## Goal of the exercise
Images don't belong in the copy. Output the rest of the data exactly.

Start of Data shown

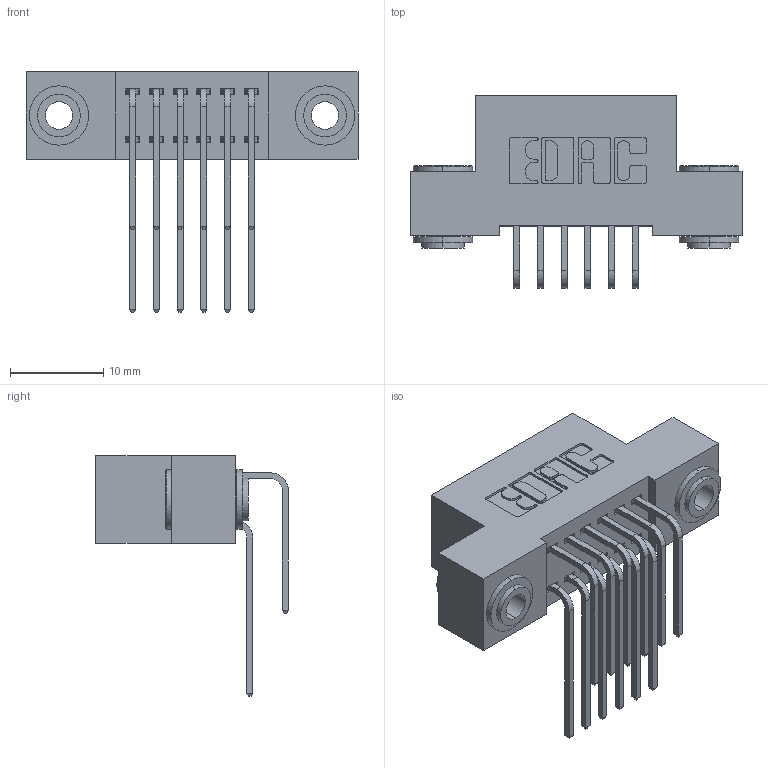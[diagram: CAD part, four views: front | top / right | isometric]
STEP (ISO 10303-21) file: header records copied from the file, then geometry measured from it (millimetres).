
FILE_DESCRIPTION (( 'STEP AP203' ), '1' );
FILE_NAME ('392-012-559-203.STEP', '2019-10-07T01:44:06', ( '' ), ( '' ), 'SwSTEP 2.0', 'SolidWorks 2016', '' );
FILE_SCHEMA (( 'CONFIG_CONTROL_DESIGN' ));
Length unit declared in the file: inch
Products named in the file (5): 345-292-001_559 Tail - 2; 342-250-002_345-250-002-102; 392-012-559-203; 342 Part_.156 TH; 345-292-001_558 559 Tail - 1
Assembly tree (15 placements, depth 2):
  392-012-559-203
    342 Part_.156 TH
    345-292-001_558 559 Tail - 1  x6
    345-292-001_559 Tail - 2  x6
    342-250-002_345-250-002-102  x2
Bounding box: 35.56 x 20.64 x 25.78 mm (x, y, z)
Volume: 3116.7 mm3; surface area: 4713.4 mm2
Topology: 15 solids, 15 shells, 796 faces, 2307 edges, 1518 vertices
Faces by surface type: plane 532, cylinder 256, cone 8
Entity records: 10818 total; most frequent: CARTESIAN_POINT 1860, ORIENTED_EDGE 1738, DIRECTION 1667, EDGE_CURVE 869, VECTOR 677, LINE 677, VERTEX_POINT 574, AXIS2_PLACEMENT_3D 495
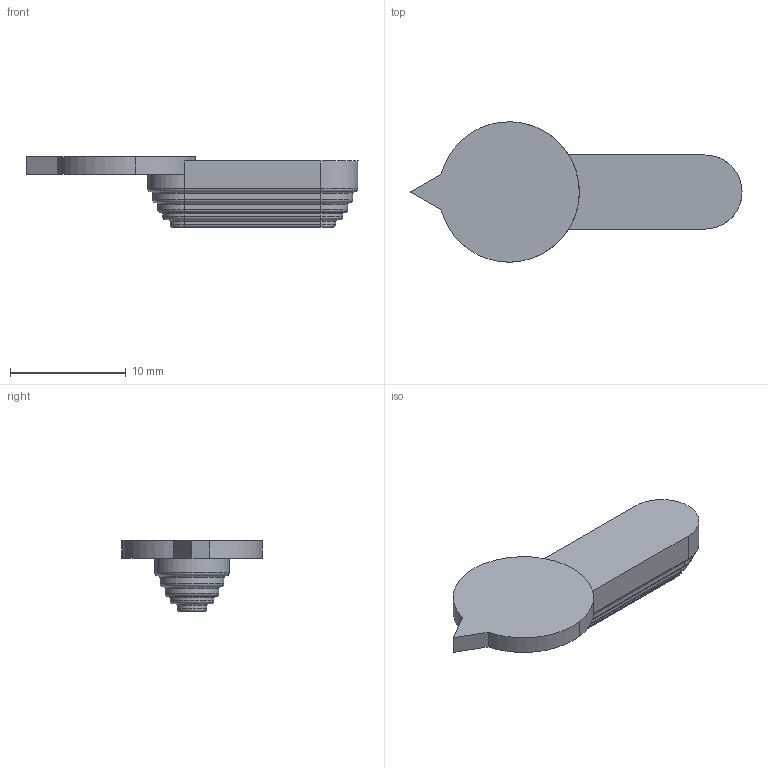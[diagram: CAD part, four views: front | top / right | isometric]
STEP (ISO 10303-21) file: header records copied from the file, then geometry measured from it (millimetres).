
FILE_DESCRIPTION((''),'2;1');
FILE_NAME('SOLID4','2019-01-20T17:52:54',('Cust'),(''),'CREO PARAMETRIC BY PTC INC, 2018300','CREO PARAMETRIC BY PTC INC, 2018300','');
FILE_SCHEMA(('AUTOMOTIVE_DESIGN { 1 0 10303 214 1 1 1 1 }'));
Length unit declared in the file: inch
Products named in the file (1): SOLID4
Bounding box: 28.66 x 12.13 x 6.12 mm (x, y, z)
Volume: 648 mm3; surface area: 658.8 mm2
Topology: 1 solids, 1 shells, 69 faces, 157 edges, 94 vertices
Faces by surface type: cylinder 27, plane 20, torus 13, bspline 5, extrusion 4
Entity records: 4079 total; most frequent: CARTESIAN_POINT 1966, DIRECTION 343, ORIENTED_EDGE 314, PRESENTATION_STYLE_ASSIGNMENT 158, STYLED_ITEM 158, CURVE_STYLE 157, EDGE_CURVE 157, AXIS2_PLACEMENT_3D 135

End of Data shown

## Result for this task
[diagram: CAD part, four views: front | top / right | isometric]
STEP (ISO 10303-21) file: header records copied from the file, then geometry measured from it (millimetres).
FILE_DESCRIPTION (( 'STEP AP203' ), '1' );
FILE_NAME ('392-012-559-203.STEP', '2019-10-07T01:44:06', ( '' ), ( '' ), 'SwSTEP 2.0', 'SolidWorks 2016', '' );
FILE_SCHEMA (( 'CONFIG_CONTROL_DESIGN' ));
Length unit declared in the file: inch
Products named in the file (5): 345-292-001_559 Tail - 2; 342-250-002_345-250-002-102; 392-012-559-203; 342 Part_.156 TH; 345-292-001_558 559 Tail - 1
Assembly tree (15 placements, depth 2):
  392-012-559-203
    342 Part_.156 TH
    345-292-001_558 559 Tail - 1  x6
    345-292-001_559 Tail - 2  x6
    342-250-002_345-250-002-102  x2
Bounding box: 35.56 x 20.64 x 25.78 mm (x, y, z)
Volume: 3116.7 mm3; surface area: 4713.4 mm2
Topology: 15 solids, 15 shells, 796 faces, 2307 edges, 1518 vertices
Faces by surface type: plane 532, cylinder 256, cone 8
Entity records: 10818 total; most frequent: CARTESIAN_POINT 1860, ORIENTED_EDGE 1738, DIRECTION 1667, EDGE_CURVE 869, VECTOR 677, LINE 677, VERTEX_POINT 574, AXIS2_PLACEMENT_3D 495
[diagram: CAD part, four views: front | top / right | isometric]
STEP (ISO 10303-21) file: header records copied from the file, then geometry measured from it (millimetres).
FILE_DESCRIPTION((''),'2;1');
FILE_NAME('SOLID4','2019-01-20T17:52:54',('Cust'),(''),'CREO PARAMETRIC BY PTC INC, 2018300','CREO PARAMETRIC BY PTC INC, 2018300','');
FILE_SCHEMA(('AUTOMOTIVE_DESIGN { 1 0 10303 214 1 1 1 1 }'));
Length unit declared in the file: inch
Products named in the file (1): SOLID4
Bounding box: 28.66 x 12.13 x 6.12 mm (x, y, z)
Volume: 648 mm3; surface area: 658.8 mm2
Topology: 1 solids, 1 shells, 69 faces, 157 edges, 94 vertices
Faces by surface type: cylinder 27, plane 20, torus 13, bspline 5, extrusion 4
Entity records: 4079 total; most frequent: CARTESIAN_POINT 1966, DIRECTION 343, ORIENTED_EDGE 314, PRESENTATION_STYLE_ASSIGNMENT 158, STYLED_ITEM 158, CURVE_STYLE 157, EDGE_CURVE 157, AXIS2_PLACEMENT_3D 135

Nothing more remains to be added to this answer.